Required action:
Copy nothing from the entries below except the lines from the one containing "#107=ORIENTED_EDGE('',*,*,#106,.F.);" through the one containing "#114=EDGE_CURVE('E322',#113,#105,#111,.T.);", and copy those exactly.

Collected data
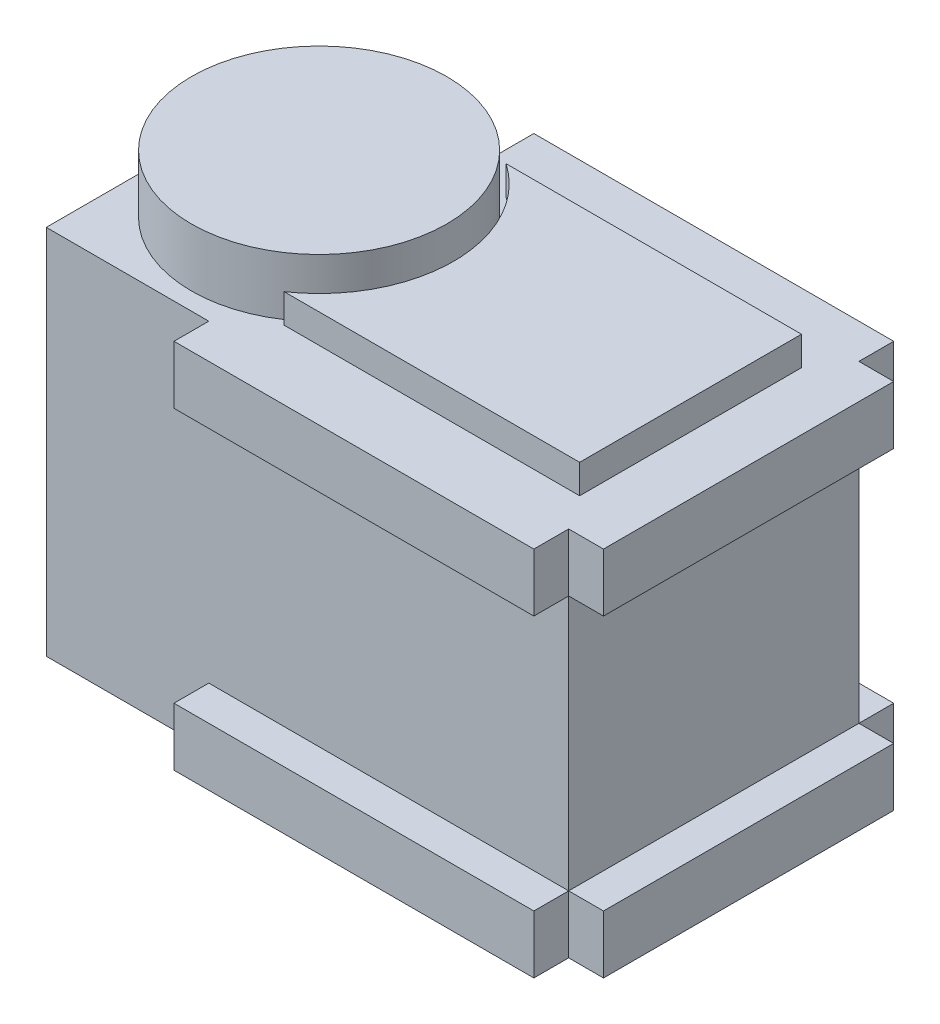
ISO-10303-21;
HEADER;
FILE_DESCRIPTION(('STEP AP214'),'2;1');
FILE_NAME('part.step','',(''),(''),'','','');
FILE_SCHEMA(('AUTOMOTIVE_DESIGN { 1 0 10303 214 1 1 1 1 }'));
ENDSEC;
DATA;
#1=APPLICATION_CONTEXT('core data for automotive mechanical design processes');
#2=APPLICATION_PROTOCOL_DEFINITION('international standard','automotive_design',2000,#1);
#3=PRODUCT_CONTEXT('',#1,'mechanical');
#4=PRODUCT('Part','Part','',(#3));
#5=PRODUCT_RELATED_PRODUCT_CATEGORY('part','',(#4));
#6=PRODUCT_DEFINITION_FORMATION('','',#4);
#7=PRODUCT_DEFINITION_CONTEXT('part definition',#1,'design');
#8=PRODUCT_DEFINITION('design','',#6,#7);
#9=PRODUCT_DEFINITION_SHAPE('','',#8);
#10=(LENGTH_UNIT() NAMED_UNIT(*) SI_UNIT(.MILLI.,.METRE.));
#11=(NAMED_UNIT(*) PLANE_ANGLE_UNIT() SI_UNIT($,.RADIAN.));
#12=(NAMED_UNIT(*) SI_UNIT($,.STERADIAN.) SOLID_ANGLE_UNIT());
#13=UNCERTAINTY_MEASURE_WITH_UNIT(LENGTH_MEASURE(1.E-05),#10,'distance_accuracy_value','');
#14=(GEOMETRIC_REPRESENTATION_CONTEXT(3) GLOBAL_UNCERTAINTY_ASSIGNED_CONTEXT((#13)) GLOBAL_UNIT_ASSIGNED_CONTEXT((#10,
#11,#12)) REPRESENTATION_CONTEXT('',''));
#15=CARTESIAN_POINT('',(0.,0.,0.));
#16=DIRECTION('',(0.,0.,1.));
#17=DIRECTION('',(1.,0.,0.));
#18=AXIS2_PLACEMENT_3D('',#15,#16,#17);
#19=CARTESIAN_POINT('',(22.5,32.,12.5));
#20=DIRECTION('',(-1.,0.,0.));
#21=DIRECTION('',(0.,0.,1.));
#22=AXIS2_PLACEMENT_3D('',#19,#20,#21);
#23=PLANE('',#22);
#24=DIRECTION('',(0.,-1.,0.));
#25=VECTOR('',#24,1.);
#26=CARTESIAN_POINT('',(22.5,27.,12.5));
#27=LINE('',#26,#25);
#28=CARTESIAN_POINT('',(22.5,32.,12.5));
#29=VERTEX_POINT('',#28);
#30=CARTESIAN_POINT('',(22.5,27.,12.5));
#31=VERTEX_POINT('',#30);
#32=EDGE_CURVE('E242',#29,#31,#27,.T.);
#33=ORIENTED_EDGE('',*,*,#32,.F.);
#34=DIRECTION('',(0.,0.,-1.));
#35=VECTOR('',#34,1.);
#36=CARTESIAN_POINT('',(22.5,32.,12.5));
#37=LINE('',#36,#35);
#38=CARTESIAN_POINT('',(22.5,32.,15.5));
#39=VERTEX_POINT('',#38);
#40=EDGE_CURVE('E476',#39,#29,#37,.T.);
#41=ORIENTED_EDGE('',*,*,#40,.F.);
#42=DIRECTION('',(0.,1.,0.));
#43=VECTOR('',#42,1.);
#44=CARTESIAN_POINT('',(22.5,32.,15.5));
#45=LINE('',#44,#43);
#46=CARTESIAN_POINT('',(22.5,27.,15.5));
#47=VERTEX_POINT('',#46);
#48=EDGE_CURVE('E390',#47,#39,#45,.T.);
#49=ORIENTED_EDGE('',*,*,#48,.F.);
#50=DIRECTION('',(0.,0.,-1.));
#51=VECTOR('',#50,1.);
#52=CARTESIAN_POINT('',(22.5,27.,15.5));
#53=LINE('',#52,#51);
#54=EDGE_CURVE('E404',#47,#31,#53,.T.);
#55=ORIENTED_EDGE('',*,*,#54,.T.);
#56=EDGE_LOOP('',(#33,#41,#49,#55));
#57=FACE_BOUND('',#56,.T.);
#58=ADVANCED_FACE('F41',(#57),#23,.F.);
#59=DIRECTION('',(0.,0.,-1.));
#60=VECTOR('',#59,1.);
#61=CARTESIAN_POINT('',(22.5,27.,12.5));
#62=LINE('',#61,#60);
#63=CARTESIAN_POINT('',(22.5,27.,-12.5));
#64=VERTEX_POINT('',#63);
#65=EDGE_CURVE('E544',#31,#64,#62,.T.);
#66=ORIENTED_EDGE('',*,*,#65,.F.);
#67=DIRECTION('',(0.,-1.,0.));
#68=VECTOR('',#67,1.);
#69=CARTESIAN_POINT('',(22.5,32.,12.5));
#70=LINE('',#69,#68);
#71=CARTESIAN_POINT('',(22.5,5.,12.5));
#72=VERTEX_POINT('',#71);
#73=EDGE_CURVE('E492',#31,#72,#70,.T.);
#74=ORIENTED_EDGE('',*,*,#73,.T.);
#75=DIRECTION('',(0.,0.,1.));
#76=VECTOR('',#75,1.);
#77=CARTESIAN_POINT('',(22.5,5.,12.5));
#78=LINE('',#77,#76);
#79=CARTESIAN_POINT('',(22.5,5.,-12.5));
#80=VERTEX_POINT('',#79);
#81=EDGE_CURVE('E259',#80,#72,#78,.T.);
#82=ORIENTED_EDGE('',*,*,#81,.F.);
#83=DIRECTION('',(0.,-1.,0.));
#84=VECTOR('',#83,1.);
#85=CARTESIAN_POINT('',(22.5,32.,-12.5));
#86=LINE('',#85,#84);
#87=EDGE_CURVE('E11',#64,#80,#86,.T.);
#88=ORIENTED_EDGE('',*,*,#87,.F.);
#89=EDGE_LOOP('',(#66,#74,#82,#88));
#90=FACE_BOUND('',#89,.T.);
#91=ADVANCED_FACE('F542',(#90),#23,.F.);
#92=DIRECTION('',(0.,1.,0.));
#93=VECTOR('',#92,1.);
#94=CARTESIAN_POINT('',(22.5,27.,-12.5));
#95=LINE('',#94,#93);
#96=CARTESIAN_POINT('',(22.5,32.,-12.5));
#97=VERTEX_POINT('',#96);
#98=EDGE_CURVE('E238',#64,#97,#95,.T.);
#99=ORIENTED_EDGE('',*,*,#98,.F.);
#100=DIRECTION('',(0.,0.,1.));
#101=VECTOR('',#100,1.);
#102=CARTESIAN_POINT('',(22.5,27.,-15.5));
#103=LINE('',#102,#101);
#104=CARTESIAN_POINT('',(22.5,27.,-15.5));
#105=VERTEX_POINT('',#104);
#106=EDGE_CURVE('E351',#105,#64,#103,.T.);
#107=ORIENTED_EDGE('',*,*,#106,.F.);
#108=DIRECTION('',(0.,-1.,0.));
#109=VECTOR('',#108,1.);
#110=CARTESIAN_POINT('',(22.5,32.,-15.5));
#111=LINE('',#110,#109);
#112=CARTESIAN_POINT('',(22.5,32.,-15.5));
#113=VERTEX_POINT('',#112);
#114=EDGE_CURVE('E322',#113,#105,#111,.T.);
#115=ORIENTED_EDGE('',*,*,#114,.F.);
#116=EDGE_CURVE('E481',#97,#113,#37,.T.);
#117=ORIENTED_EDGE('',*,*,#116,.F.);
#118=EDGE_LOOP('',(#99,#107,#115,#117));
#119=FACE_BOUND('',#118,.T.);
#120=ADVANCED_FACE('F608',(#119),#23,.F.);
#121=DIRECTION('',(0.,-1.,0.));
#122=VECTOR('',#121,1.);
#123=CARTESIAN_POINT('',(22.5,5.,12.5));
#124=LINE('',#123,#122);
#125=CARTESIAN_POINT('',(22.5,0.,12.5));
#126=VERTEX_POINT('',#125);
#127=EDGE_CURVE('E245',#72,#126,#124,.T.);
#128=ORIENTED_EDGE('',*,*,#127,.F.);
#129=DIRECTION('',(0.,0.,-1.));
#130=VECTOR('',#129,1.);
#131=CARTESIAN_POINT('',(22.5,5.,15.5));
#132=LINE('',#131,#130);
#133=CARTESIAN_POINT('',(22.5,5.,15.5));
#134=VERTEX_POINT('',#133);
#135=EDGE_CURVE('E385',#134,#72,#132,.T.);
#136=ORIENTED_EDGE('',*,*,#135,.F.);
#137=DIRECTION('',(0.,1.,0.));
#138=VECTOR('',#137,1.);
#139=CARTESIAN_POINT('',(22.5,0.,15.5));
#140=LINE('',#139,#138);
#141=CARTESIAN_POINT('',(22.5,0.,15.5));
#142=VERTEX_POINT('',#141);
#143=EDGE_CURVE('E356',#142,#134,#140,.T.);
#144=ORIENTED_EDGE('',*,*,#143,.F.);
#145=DIRECTION('',(0.,0.,-1.));
#146=VECTOR('',#145,1.);
#147=CARTESIAN_POINT('',(22.5,0.,12.5));
#148=LINE('',#147,#146);
#149=EDGE_CURVE('E493',#142,#126,#148,.T.);
#150=ORIENTED_EDGE('',*,*,#149,.T.);
#151=EDGE_LOOP('',(#128,#136,#144,#150));
#152=FACE_BOUND('',#151,.T.);
#153=ADVANCED_FACE('F43',(#152),#23,.F.);
#154=DIRECTION('',(0.,1.,0.));
#155=VECTOR('',#154,1.);
#156=CARTESIAN_POINT('',(22.5,5.,-12.5));
#157=LINE('',#156,#155);
#158=CARTESIAN_POINT('',(22.5,0.,-12.5));
#159=VERTEX_POINT('',#158);
#160=EDGE_CURVE('E65',#159,#80,#157,.T.);
#161=ORIENTED_EDGE('',*,*,#160,.F.);
#162=CARTESIAN_POINT('',(22.5,0.,-15.5));
#163=VERTEX_POINT('',#162);
#164=EDGE_CURVE('E472',#159,#163,#148,.T.);
#165=ORIENTED_EDGE('',*,*,#164,.T.);
#166=DIRECTION('',(0.,-1.,0.));
#167=VECTOR('',#166,1.);
#168=CARTESIAN_POINT('',(22.5,0.,-15.5));
#169=LINE('',#168,#167);
#170=CARTESIAN_POINT('',(22.5,5.,-15.5));
#171=VERTEX_POINT('',#170);
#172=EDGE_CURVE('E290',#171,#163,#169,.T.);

Task solution:
#107=ORIENTED_EDGE('',*,*,#106,.F.);
#108=DIRECTION('',(0.,-1.,0.));
#109=VECTOR('',#108,1.);
#110=CARTESIAN_POINT('',(22.5,32.,-15.5));
#111=LINE('',#110,#109);
#112=CARTESIAN_POINT('',(22.5,32.,-15.5));
#113=VERTEX_POINT('',#112);
#114=EDGE_CURVE('E322',#113,#105,#111,.T.);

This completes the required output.